Angular velocity describes the rate of change around a center of mass. It is measured in radians/second.

Angular Momentum also known as Rotational velocity

In order to find out the velocity of things which revolve around a body, we have to take into account not only the speed, but also the radius of which it is revolving around. The central angle in which objects rotate around is constantly changing, therefore linear velocity is not adequate to measure the rate of change of the angle. Angular velocity is this rate of change with respect to time. In order to figure out the direction of angular velocity we can use the "right hand rule." It is important to note the definition of linear velocity, which is the rate of change of position measured in meters with respect to time. The only difference between the two is the fact that the object is rotating around something. The direction is perpendicular to the plane of the rotation [[1]]. Often angular velocity is used to figure out rotational angular momentum and very useful when figuring out the speed of something rotating or orbiting around something.

A Mathematical Model

Angular momentum of an object can be described as the radius of the object of which it is rotating around its center of mass divided by its linear velocity.

ω = dθ/dt

dθ= rate of change of the radians or degrees dt= rate of change of time throughout the interval

V perpendicular = mag(V)*sin(θ) V= linear velocity θ= Angle of which the linear velocity is going.

Thus after combining the two definitions we get

ω = R/v ω= The greek symbol of omega symbolizes angular velocity R= The radius of the body of which is rotates, measured in radians V= Linear Velocity


Also another we can compute angular velocity is if Angular Momentum is given. L = Iω L= Angular Momentum I = Moment of inertia ω = Angular Velocity

A Computational Model

Check out this code which gives an example of angular velocity. It is an example found at http://vpython.org/contents/contributed/rotating_book.py

Examples

Simple

A circular wheel of 0.50 m radius is moving with a speed of 10 m/s. Find the angular velocity?

The angular velocity is given by ω = dθ/dt dθ= 10 dt= .5 = 20 rads/ sec


Middling

String is wrapped around an object of mass M = 0.3 kg and moment of inertia I = 0.01 kg·m2. You pull the string with your hand straight up with some constant force F such that the center of the object does not move up or down, but the object spins faster and faster (see the figure). This is like a yo-yo; nothing but the vertical string touches the object. When your hand is a height y0 = 0.29 m above the floor, the object has an angular speed = 13 radians/s. When your hand has risen to a height y = 0.69 m above the floor, what is the angular speed of the object? Your answer must be numeric and not contain the symbol F.

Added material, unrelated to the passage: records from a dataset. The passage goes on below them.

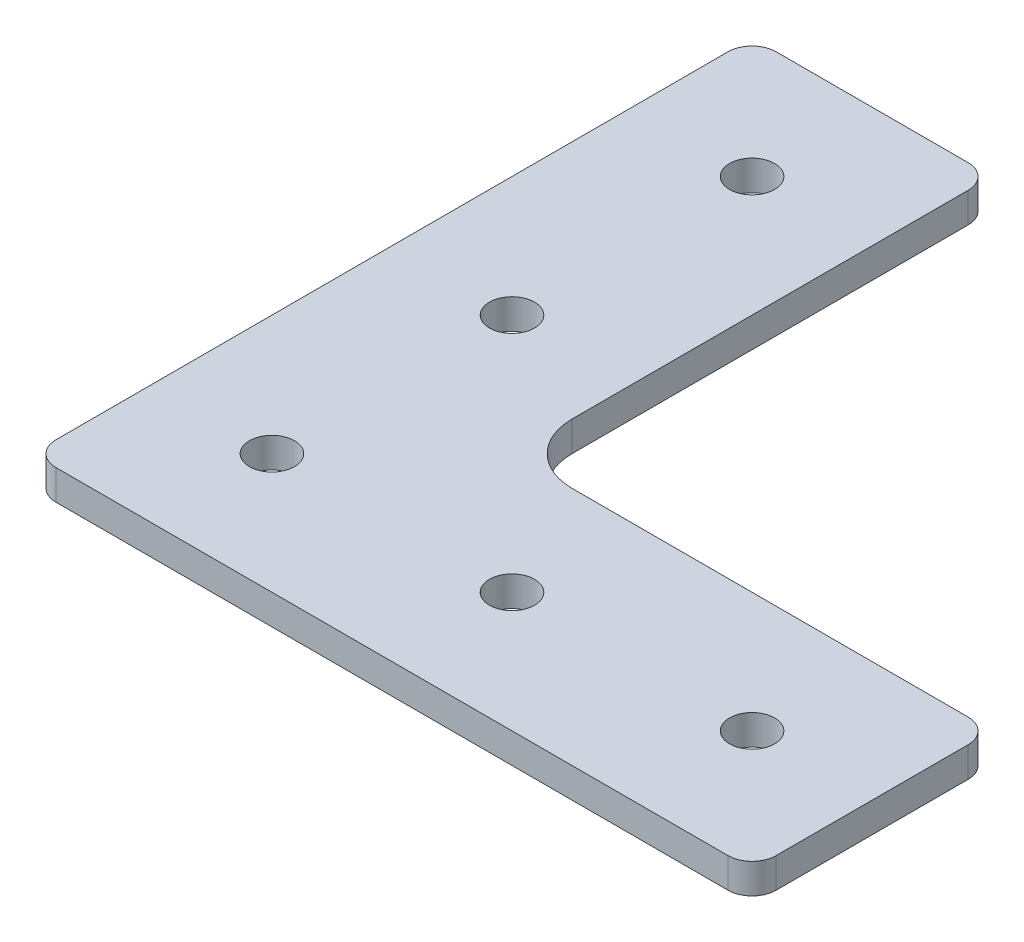
SolidWorks part; units mm, degrees
ref_plane "Front Plane" through (0, 0, 0) normal (0, 0, 1) x (1, 0, 0)
ref_plane "Top Plane" through (0, 0, 0) normal (0, 1, 0) x (1, 0, 0)
ref_plane "Right Plane" through (0, 0, 0) normal (1, 0, 0) x (0, 0, -1)
sketch "Sketch1" plane through (0, 0, 0) normal (0, 1, 0) x (1, 0, 0)
  line L1 (-10.16, -38.1) -> (6.35, -38.1)
  line L2 (-12.7, -35.56) -> (-12.7, 35.56)
  line L3 (-10.16, 38.1) -> (10.16, 38.1)
  line L4 (12.7, -6.35) -> (12.7, 35.56)
  line L7 (6.35, -38.1) -> (60.96, -38.1)
  line L9 (19.05, -12.7) -> (60.96, -12.7)
  line L10 (63.5, -35.56) -> (63.5, -15.24)
  circle A0 centre (0, -25.4) radius 2.3813
  circle A1 centre (0, 0) radius 2.3813
  circle A2 centre (0, 25.4) radius 2.3813
  circle A3 centre (25.4, -25.4) radius 2.3813
  circle A4 centre (50.8, -25.4) radius 2.3812
  arc A5 (19.05, -12.7) -> (12.7, -6.35) centre (19.05, -6.35) cw
  arc A6 (12.7, 35.56) -> (10.16, 38.1) centre (10.16, 35.56) ccw
  arc A7 (-12.7, 35.56) -> (-10.16, 38.1) centre (-10.16, 35.56) cw
  arc A8 (-12.7, -35.56) -> (-10.16, -38.1) centre (-10.16, -35.56) ccw
  arc A9 (60.96, -38.1) -> (63.5, -35.56) centre (60.96, -35.56) ccw
  arc A10 (63.5, -15.24) -> (60.96, -12.7) centre (60.96, -15.24) ccw
  point P0 (0, 0)
  point P23 (12.7, 38.1)
  point P26 (-12.7, 38.1)
  point P29 (-12.7, -38.1)
  point P32 (63.5, -38.1)
  point P35 (63.5, -12.7)
  point P36 (0, 0)
  dimension "D5" = 4.7625
  dimension "D6" = 4.7625
  dimension "D7" = 4.7625
  dimension "D8" = 4.7625
  dimension "D9" = 4.7625
  dimension "D14" = 6.35
  dimension "D15" = 2.54
  dimension "D1" = 76.2
  dimension "D2" = 25.4
  dimension "D3" = 57.15
  dimension "D4" = 25.4
  dimension "D10" = 25.4
  dimension "D11" = 25.4
  dimension "D12" = 25.4
  dimension "D13" = 25.4
  dimension "D16" = 12.7
extrude "Boss-Extrude1" add sketch "Sketch1" along normal blind 3.175
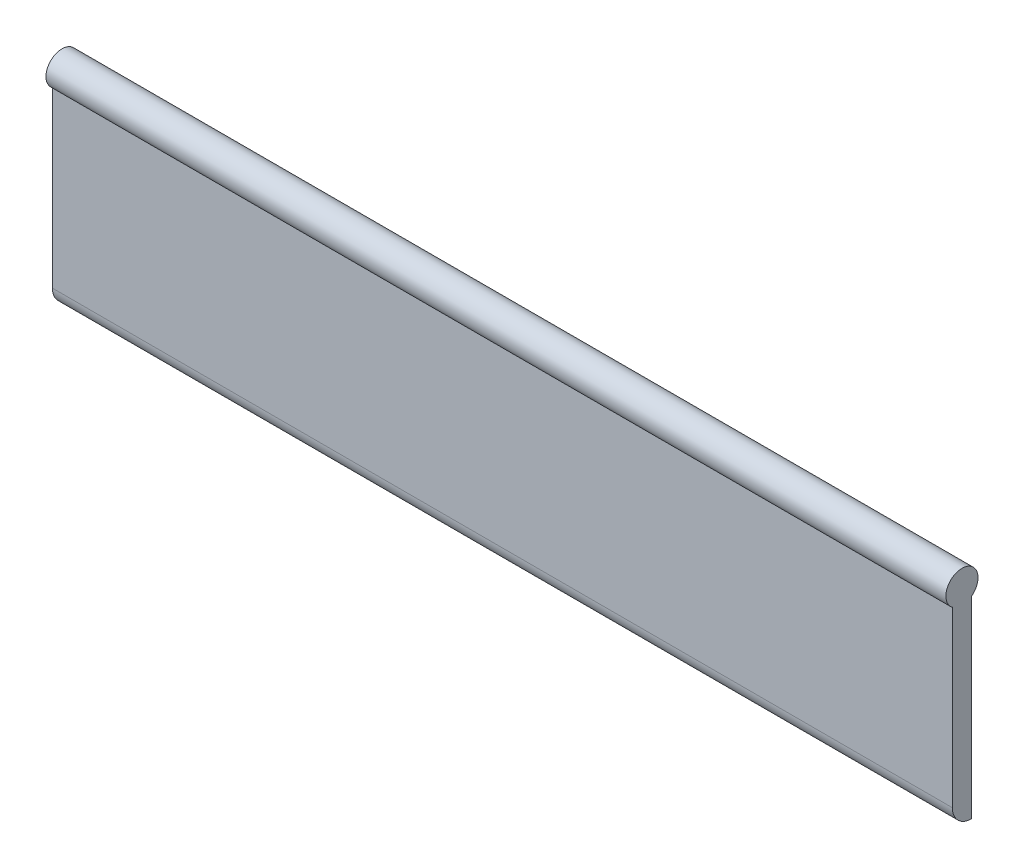
SolidWorks part; units mm, degrees
ref_plane "Front Plane" through (0, 0, 0) normal (0, 0, 1) x (1, 0, 0)
ref_plane "Top Plane" through (0, 0, 0) normal (0, 1, 0) x (1, 0, 0)
ref_plane "Right Plane" through (0, 0, 0) normal (1, 0, 0) x (0, 0, -1)
sketch "Sketch1" plane through (0, 0, 0) normal (1, 0, 0) x (0, 0, -1)
  line L1 (0, 0) -> (3, 0)
  line L2 (0, 0) -> (0, 32)
  line L3 (0, 32) -> (3, 32)
  line L4 (3, 0) -> (3, 32)
  circle A0 centre (1.5, 32) radius 2.5
  arc A1 (3, 0) -> (0, 3) centre (3, 3) cw
  point P9 (0, 0)
  point P10 (0, 2.7233)
  dimension "D1" = 5
  dimension "D2" = 3
  dimension "D3" = 32
extrude "Boss-Extrude1" add sketch "Sketch1" along normal blind 140 contours L4 A0 L2 L3 | L2 A0 L4 L3 | A0 L2 L1 L4

To solve we must start from the fundamental energy principle. The only energy here is rotational kinetic energy. Work= Fnet*Distance = change in energy = change in rotational kinetic energy. F= MG = .3(9.8) Distance= Displacement of the hand. (.69-.29) .5IW^2(initial)= .5(.01)(13)^2 .5IW^2(final)= .5(.01)(?)^2

Plug and chug.

(.3)(9.8)(4) = .5(.01)(Wf?)^2 - .5(.01)(13)^2 Solve for Final Angular Velocity (Wf) Final answer= 20.1 radians/s


Difficult

A spherical satellite of approximately uniform density with radius 6.9 m and mass 270 kg is originally moving with velocity <2600, 0, 0> m/s, and is originally rotating with an angular speed 2 rad/s, in the direction shown in the diagram. A small piece of space junk of mass 9.8 kg is initially moving toward the satellite with velocity <−2200, 0, 0> m/s. The space junk hits the edge of the satellite as shown in the figure below, and moves off with a new velocity <−1300, 480, 0> m/s. Both before and after the collision, the rotation of the space junk is negligible. What is the rotational speed of the satellite after the collision?

This question can be answered using the conservation of angular momentum. The main equation needed is Iw(intial) (of the satellite) + hmv1sin(90-theta)(of the space junk) = Iw(final)(satellite) + hmv(final)sin(90-theta)(of the space junk) We are asked to solve for the final angular velocity, therefore w(final) = w(intial) + ((hm)/(2/5MR^2))*(v1-v2)cos(theta)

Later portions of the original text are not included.